### EXERCISE REQUIREMENTS
Scan the material for the word "point" and return every matching line.

### DATASET CONTENT

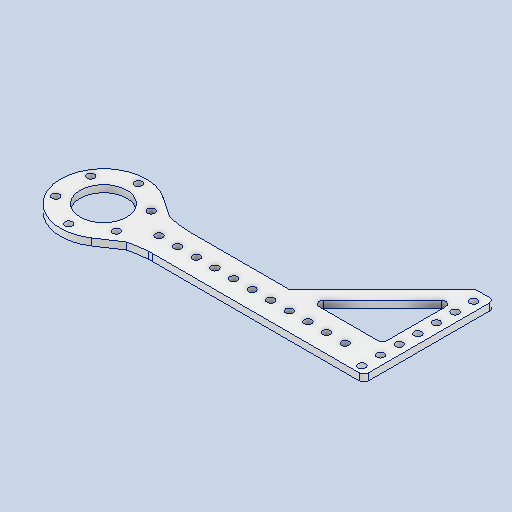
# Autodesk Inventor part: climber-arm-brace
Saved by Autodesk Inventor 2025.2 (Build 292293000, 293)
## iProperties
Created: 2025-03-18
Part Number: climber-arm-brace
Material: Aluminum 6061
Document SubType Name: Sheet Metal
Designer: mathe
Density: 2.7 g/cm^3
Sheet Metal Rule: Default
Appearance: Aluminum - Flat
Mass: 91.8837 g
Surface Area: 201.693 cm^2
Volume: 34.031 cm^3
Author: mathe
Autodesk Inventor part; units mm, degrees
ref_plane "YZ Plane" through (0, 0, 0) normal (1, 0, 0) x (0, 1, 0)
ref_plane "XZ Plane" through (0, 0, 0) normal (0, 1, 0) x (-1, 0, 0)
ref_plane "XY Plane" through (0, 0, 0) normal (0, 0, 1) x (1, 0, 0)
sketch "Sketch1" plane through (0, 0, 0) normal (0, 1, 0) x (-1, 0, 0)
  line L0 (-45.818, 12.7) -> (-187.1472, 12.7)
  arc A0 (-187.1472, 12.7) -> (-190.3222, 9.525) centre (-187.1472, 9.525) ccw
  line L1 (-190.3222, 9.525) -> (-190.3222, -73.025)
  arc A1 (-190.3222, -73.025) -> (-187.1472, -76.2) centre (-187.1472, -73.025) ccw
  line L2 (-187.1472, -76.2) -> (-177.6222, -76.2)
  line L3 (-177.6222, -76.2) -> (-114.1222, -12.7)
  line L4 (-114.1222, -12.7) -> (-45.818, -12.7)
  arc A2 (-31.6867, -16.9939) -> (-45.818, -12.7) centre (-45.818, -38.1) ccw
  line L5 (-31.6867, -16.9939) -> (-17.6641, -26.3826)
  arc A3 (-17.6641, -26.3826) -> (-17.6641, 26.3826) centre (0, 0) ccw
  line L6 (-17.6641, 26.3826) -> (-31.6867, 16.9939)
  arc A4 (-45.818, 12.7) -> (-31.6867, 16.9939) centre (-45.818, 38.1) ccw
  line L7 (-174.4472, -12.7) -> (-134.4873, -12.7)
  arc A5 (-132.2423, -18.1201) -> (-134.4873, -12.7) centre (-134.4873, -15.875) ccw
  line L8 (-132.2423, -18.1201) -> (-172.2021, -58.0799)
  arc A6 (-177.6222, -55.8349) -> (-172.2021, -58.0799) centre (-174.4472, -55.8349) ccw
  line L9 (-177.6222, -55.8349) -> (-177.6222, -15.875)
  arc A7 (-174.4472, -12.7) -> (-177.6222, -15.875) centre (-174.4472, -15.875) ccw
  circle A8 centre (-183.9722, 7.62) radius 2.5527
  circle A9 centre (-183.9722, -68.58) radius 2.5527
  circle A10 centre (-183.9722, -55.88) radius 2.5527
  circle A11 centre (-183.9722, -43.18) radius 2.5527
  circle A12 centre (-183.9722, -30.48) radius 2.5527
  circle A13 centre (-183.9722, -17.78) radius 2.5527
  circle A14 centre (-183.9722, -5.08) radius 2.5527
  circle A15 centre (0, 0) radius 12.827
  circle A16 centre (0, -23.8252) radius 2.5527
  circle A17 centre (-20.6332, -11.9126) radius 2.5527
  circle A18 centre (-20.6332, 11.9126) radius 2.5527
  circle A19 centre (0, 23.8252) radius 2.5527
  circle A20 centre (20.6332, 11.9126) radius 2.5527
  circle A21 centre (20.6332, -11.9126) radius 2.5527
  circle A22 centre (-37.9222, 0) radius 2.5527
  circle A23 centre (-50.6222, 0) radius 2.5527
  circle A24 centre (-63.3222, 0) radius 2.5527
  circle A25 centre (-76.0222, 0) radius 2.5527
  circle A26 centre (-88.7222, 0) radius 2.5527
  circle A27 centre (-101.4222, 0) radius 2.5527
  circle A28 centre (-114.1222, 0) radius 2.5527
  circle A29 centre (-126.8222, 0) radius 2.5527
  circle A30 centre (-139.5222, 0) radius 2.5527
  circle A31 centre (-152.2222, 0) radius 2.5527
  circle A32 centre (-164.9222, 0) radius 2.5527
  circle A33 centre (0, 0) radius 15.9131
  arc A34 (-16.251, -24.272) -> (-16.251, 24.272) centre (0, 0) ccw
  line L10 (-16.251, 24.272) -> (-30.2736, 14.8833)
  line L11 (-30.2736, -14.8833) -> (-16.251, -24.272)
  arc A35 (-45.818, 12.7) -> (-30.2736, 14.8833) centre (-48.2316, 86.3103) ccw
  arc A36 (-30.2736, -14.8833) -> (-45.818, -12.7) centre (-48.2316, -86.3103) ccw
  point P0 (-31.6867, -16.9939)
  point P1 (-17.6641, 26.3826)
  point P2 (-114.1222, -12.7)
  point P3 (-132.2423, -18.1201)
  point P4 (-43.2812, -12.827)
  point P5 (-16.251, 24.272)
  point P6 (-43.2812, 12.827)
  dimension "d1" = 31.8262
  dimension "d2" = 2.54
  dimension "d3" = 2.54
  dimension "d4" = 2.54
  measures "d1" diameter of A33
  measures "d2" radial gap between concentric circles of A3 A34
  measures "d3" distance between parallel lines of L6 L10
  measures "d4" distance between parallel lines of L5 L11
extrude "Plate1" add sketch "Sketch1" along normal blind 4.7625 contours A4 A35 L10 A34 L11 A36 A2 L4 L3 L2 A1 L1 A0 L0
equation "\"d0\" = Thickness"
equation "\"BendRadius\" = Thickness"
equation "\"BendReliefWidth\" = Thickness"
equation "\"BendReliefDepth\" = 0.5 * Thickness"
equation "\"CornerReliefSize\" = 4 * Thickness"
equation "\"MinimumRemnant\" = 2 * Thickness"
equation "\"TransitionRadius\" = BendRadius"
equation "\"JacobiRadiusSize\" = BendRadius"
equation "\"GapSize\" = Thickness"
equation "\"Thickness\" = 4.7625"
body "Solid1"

### TASK RESULT
  point P0 (-31.6867, -16.9939)
  point P1 (-17.6641, 26.3826)
  point P2 (-114.1222, -12.7)
  point P3 (-132.2423, -18.1201)
  point P4 (-43.2812, -12.827)
  point P5 (-16.251, 24.272)
  point P6 (-43.2812, 12.827)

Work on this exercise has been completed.